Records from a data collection
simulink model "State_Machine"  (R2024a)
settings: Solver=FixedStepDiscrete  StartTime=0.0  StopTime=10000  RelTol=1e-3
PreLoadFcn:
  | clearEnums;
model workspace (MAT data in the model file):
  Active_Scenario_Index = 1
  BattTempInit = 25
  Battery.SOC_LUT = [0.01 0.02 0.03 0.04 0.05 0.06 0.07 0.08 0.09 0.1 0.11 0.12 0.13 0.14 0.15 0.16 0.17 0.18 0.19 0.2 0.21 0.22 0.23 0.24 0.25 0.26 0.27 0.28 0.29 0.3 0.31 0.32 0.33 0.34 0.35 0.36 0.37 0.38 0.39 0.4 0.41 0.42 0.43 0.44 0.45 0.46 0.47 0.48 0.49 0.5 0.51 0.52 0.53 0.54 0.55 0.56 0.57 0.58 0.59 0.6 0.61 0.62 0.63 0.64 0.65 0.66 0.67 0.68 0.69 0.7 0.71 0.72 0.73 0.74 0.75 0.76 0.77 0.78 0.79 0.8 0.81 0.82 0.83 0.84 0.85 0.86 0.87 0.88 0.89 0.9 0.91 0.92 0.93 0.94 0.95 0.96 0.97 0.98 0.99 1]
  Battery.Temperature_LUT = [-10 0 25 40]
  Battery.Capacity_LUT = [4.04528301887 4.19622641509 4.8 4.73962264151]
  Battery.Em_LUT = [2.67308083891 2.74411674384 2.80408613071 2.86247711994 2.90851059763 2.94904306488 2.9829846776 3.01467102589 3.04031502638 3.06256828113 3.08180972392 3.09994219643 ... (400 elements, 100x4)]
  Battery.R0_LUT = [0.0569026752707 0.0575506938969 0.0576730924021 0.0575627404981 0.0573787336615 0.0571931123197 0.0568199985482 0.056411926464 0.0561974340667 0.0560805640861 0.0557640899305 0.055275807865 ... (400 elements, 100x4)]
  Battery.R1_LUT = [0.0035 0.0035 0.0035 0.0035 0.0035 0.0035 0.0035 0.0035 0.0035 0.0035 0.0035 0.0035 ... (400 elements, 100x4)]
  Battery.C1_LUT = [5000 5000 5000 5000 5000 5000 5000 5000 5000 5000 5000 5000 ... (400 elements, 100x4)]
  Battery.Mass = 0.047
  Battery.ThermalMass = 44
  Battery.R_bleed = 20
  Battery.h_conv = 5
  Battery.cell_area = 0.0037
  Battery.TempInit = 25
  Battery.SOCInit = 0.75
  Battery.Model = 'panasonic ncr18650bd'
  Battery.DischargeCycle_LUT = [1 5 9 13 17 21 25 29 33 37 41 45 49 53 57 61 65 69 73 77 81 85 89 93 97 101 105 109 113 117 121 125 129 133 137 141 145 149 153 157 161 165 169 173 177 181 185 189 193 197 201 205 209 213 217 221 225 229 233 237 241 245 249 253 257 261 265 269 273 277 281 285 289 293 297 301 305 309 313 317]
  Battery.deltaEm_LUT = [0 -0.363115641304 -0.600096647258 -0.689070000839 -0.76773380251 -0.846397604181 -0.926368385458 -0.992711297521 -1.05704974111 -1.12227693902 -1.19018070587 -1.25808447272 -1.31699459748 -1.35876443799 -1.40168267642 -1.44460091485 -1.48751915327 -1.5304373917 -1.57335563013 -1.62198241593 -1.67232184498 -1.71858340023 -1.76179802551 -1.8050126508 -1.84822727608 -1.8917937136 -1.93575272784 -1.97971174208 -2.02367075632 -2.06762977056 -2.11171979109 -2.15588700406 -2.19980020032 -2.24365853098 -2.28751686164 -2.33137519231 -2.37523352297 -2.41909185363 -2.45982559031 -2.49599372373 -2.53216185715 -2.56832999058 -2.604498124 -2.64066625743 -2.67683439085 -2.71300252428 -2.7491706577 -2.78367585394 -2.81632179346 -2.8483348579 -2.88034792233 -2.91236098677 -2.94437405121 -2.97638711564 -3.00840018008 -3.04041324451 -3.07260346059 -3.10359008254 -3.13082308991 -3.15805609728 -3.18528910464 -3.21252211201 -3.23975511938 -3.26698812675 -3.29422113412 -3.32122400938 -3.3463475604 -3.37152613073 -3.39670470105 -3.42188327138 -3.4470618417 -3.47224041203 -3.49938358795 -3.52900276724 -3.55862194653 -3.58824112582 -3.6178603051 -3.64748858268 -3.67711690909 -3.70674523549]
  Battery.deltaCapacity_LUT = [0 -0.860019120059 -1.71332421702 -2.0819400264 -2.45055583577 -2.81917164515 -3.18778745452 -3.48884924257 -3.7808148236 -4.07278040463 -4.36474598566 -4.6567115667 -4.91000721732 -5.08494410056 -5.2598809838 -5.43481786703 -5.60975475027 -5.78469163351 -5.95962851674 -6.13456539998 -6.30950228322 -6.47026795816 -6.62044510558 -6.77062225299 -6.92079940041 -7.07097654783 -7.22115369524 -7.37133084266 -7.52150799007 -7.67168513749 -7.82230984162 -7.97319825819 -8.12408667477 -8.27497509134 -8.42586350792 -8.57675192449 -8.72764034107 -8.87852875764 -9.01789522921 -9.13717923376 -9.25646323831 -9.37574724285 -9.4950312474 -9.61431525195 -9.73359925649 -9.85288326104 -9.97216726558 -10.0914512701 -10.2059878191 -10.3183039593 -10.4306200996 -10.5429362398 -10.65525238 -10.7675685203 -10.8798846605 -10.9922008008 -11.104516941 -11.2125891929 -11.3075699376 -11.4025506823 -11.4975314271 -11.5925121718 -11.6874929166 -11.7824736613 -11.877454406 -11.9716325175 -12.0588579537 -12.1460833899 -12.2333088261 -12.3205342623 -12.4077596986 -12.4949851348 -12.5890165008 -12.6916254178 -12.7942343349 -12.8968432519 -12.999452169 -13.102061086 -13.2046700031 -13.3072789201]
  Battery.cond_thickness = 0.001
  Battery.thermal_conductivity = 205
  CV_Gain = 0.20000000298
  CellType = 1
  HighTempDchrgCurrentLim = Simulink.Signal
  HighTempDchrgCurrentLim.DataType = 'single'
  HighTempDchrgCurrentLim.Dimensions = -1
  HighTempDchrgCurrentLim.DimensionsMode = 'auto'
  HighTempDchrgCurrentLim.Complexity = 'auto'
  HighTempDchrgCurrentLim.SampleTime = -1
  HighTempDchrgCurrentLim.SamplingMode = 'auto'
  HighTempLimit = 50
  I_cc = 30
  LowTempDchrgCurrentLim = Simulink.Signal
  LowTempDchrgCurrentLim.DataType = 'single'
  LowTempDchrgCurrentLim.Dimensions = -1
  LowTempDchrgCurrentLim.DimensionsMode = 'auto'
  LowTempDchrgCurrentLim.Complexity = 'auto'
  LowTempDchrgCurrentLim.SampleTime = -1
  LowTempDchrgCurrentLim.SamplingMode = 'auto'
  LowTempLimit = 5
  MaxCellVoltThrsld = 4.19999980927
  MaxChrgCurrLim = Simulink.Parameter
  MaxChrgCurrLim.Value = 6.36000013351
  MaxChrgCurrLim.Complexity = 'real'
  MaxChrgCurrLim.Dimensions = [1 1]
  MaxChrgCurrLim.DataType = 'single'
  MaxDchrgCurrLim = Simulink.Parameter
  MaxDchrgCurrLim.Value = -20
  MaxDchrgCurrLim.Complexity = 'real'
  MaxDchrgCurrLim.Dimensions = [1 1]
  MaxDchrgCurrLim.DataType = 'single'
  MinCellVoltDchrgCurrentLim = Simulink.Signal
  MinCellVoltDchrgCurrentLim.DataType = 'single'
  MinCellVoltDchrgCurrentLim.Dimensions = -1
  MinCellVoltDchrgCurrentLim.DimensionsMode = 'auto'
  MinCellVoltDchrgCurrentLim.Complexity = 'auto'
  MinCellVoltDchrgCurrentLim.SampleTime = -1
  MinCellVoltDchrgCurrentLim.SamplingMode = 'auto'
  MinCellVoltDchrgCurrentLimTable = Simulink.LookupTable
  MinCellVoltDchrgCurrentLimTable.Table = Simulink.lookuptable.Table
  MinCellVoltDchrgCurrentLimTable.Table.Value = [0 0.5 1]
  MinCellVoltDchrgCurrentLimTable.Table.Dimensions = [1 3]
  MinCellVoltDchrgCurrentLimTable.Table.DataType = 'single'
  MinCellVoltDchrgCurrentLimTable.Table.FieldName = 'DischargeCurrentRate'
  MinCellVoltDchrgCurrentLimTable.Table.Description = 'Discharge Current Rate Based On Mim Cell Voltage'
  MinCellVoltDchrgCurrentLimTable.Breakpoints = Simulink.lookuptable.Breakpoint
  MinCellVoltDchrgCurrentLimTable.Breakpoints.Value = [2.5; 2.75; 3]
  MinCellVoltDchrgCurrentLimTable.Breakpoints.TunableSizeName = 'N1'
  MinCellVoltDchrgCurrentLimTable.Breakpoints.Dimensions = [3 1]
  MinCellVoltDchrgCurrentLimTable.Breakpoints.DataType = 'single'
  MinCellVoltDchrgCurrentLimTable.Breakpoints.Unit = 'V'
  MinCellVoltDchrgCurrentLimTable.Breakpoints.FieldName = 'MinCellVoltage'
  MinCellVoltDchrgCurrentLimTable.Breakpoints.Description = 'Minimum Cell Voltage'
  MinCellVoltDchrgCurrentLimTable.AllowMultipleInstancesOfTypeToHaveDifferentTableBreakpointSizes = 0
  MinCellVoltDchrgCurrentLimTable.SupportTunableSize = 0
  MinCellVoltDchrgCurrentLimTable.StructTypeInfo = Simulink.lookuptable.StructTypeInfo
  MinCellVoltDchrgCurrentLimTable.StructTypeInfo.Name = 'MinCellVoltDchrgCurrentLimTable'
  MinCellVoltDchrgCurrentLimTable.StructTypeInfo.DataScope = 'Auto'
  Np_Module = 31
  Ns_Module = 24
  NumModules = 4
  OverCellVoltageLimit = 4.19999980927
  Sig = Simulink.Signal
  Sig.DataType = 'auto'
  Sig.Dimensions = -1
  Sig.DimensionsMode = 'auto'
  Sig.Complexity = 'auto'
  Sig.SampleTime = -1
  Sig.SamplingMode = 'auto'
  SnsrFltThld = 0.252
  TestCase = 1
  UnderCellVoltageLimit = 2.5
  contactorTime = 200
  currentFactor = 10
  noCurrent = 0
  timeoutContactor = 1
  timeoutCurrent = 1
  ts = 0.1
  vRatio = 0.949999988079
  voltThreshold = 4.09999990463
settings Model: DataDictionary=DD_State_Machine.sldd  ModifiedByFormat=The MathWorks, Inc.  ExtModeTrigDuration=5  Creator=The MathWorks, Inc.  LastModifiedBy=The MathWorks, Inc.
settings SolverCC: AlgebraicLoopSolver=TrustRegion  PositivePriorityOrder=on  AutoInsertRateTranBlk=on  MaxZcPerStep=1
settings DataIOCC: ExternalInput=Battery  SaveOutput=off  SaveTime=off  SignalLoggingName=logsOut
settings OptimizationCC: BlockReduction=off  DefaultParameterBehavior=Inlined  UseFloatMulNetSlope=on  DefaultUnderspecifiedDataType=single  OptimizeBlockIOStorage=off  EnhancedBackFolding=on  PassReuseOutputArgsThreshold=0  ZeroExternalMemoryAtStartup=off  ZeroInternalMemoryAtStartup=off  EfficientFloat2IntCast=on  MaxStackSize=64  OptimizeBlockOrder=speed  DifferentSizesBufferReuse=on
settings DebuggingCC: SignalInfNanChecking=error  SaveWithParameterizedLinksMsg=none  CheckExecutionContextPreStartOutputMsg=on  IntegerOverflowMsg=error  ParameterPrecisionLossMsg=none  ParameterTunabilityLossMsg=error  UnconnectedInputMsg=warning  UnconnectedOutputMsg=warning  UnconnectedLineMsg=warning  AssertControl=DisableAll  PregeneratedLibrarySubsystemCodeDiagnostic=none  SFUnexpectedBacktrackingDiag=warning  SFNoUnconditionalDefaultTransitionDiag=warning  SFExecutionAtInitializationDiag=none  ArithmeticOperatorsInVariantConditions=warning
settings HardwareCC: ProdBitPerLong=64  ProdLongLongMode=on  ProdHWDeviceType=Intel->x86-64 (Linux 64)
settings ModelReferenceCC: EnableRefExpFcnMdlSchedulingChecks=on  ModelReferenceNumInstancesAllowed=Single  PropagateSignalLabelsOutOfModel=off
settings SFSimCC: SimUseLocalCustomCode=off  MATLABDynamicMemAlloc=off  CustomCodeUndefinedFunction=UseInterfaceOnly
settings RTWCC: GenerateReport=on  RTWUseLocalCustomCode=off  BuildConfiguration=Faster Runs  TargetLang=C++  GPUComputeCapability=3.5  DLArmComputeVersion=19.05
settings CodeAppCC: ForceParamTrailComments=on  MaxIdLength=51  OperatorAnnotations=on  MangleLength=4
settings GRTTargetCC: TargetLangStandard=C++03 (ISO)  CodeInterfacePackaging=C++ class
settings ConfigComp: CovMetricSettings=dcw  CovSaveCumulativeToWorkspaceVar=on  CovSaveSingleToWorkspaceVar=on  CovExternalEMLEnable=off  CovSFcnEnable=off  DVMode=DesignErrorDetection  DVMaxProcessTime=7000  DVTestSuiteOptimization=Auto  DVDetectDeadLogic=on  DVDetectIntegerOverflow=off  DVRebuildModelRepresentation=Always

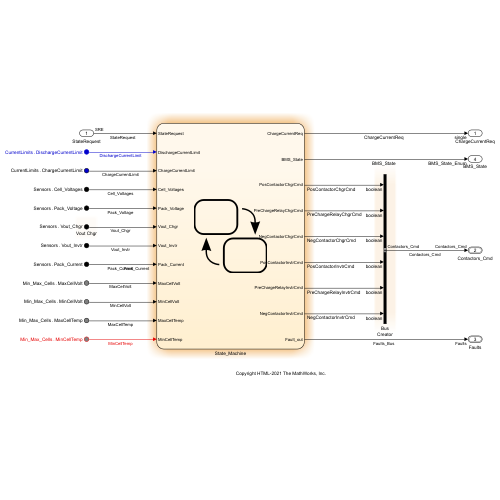
[thumbnail: Simulink's stored preview of the top-level diagram]
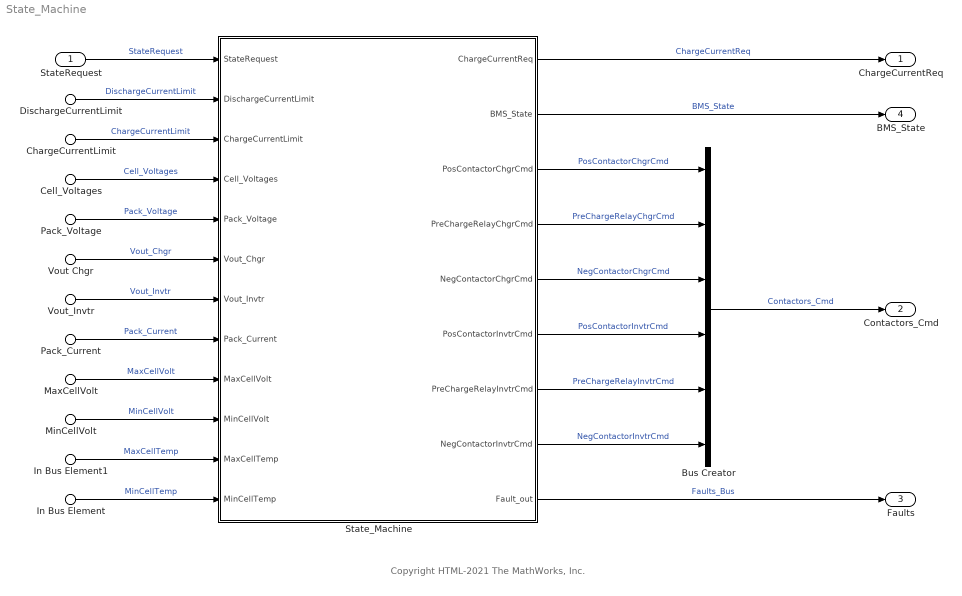
== system State_Machine ==
  note: Copyright HTML-2021 The MathWorks, Inc.
  StateRequest : Inport  OutDataTypeStr=Enum: SRE  PortDimensions=1  SampleTime=[0.10000000000000001,0]
  Cell_Voltages : Inport  Port=2  PortName=Sensors  Element=Cell_Voltages
  Pack_Voltage : Inport  Port=2  PortName=Sensors  Element=Pack_Voltage
  Pack_Current : Inport  Port=2  PortName=Sensors  Element=Pack_Current
  Vout Chgr : Inport  Port=2  PortName=Sensors  Element=Vout_Chgr
  Vout_Invtr : Inport  Port=2  PortName=Sensors  Element=Vout_Invtr
  DischargeCurrentLimit : Inport  Port=3  PortName=CurrentLimits  Element=DischargeCurrentLimit
  ChargeCurrentLimit : Inport  Port=3  PortName=CurrentLimits  Element=ChargeCurrentLimit
  MinCellVolt : Inport  Port=4  PortName=Min_Max_Cells  Element=MinCellVolt
  MaxCellVolt : Inport  Port=4  PortName=Min_Max_Cells  Element=MaxCellVolt
  In Bus Element : Inport  Port=4  PortName=Min_Max_Cells  Element=MinCellTemp
  In Bus Element1 : Inport  Port=4  PortName=Min_Max_Cells  Element=MaxCellTemp
  Bus Creator : BusCreator  Inputs=6  OutDataTypeStr=Bus: Contactors_Cmd  NonVirtualBus=on
      settings: InheritFromInputs=off
  State_Machine : Stateflow chart  TreatAsAtomicUnit=on  VariantControl=(default)
  ChargeCurrentReq : Outport  OutMin=-100  OutMax=100  OutDataTypeStr=single  PortDimensions=1  SampleTime=[0.10000000000000001,0]  VectorParamsAs1DForOutWhenUnconnected=off
  Contactors_Cmd : Outport  Port=2  OutDataTypeStr=Bus: Contactors_Cmd  BusOutputAsStruct=on
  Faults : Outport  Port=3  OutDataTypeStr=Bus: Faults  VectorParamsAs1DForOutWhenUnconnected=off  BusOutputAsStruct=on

WORK TO BE COMPLETED
Copy, please, exactly the lines that start at the first line of the data and end at the line containing "BattTempInit = 25", both kept and no others.

THE COMPLETED TASK
simulink model "State_Machine"  (R2024a)
settings: Solver=FixedStepDiscrete  StartTime=0.0  StopTime=10000  RelTol=1e-3
PreLoadFcn:
  | clearEnums;
model workspace (MAT data in the model file):
  Active_Scenario_Index = 1
  BattTempInit = 25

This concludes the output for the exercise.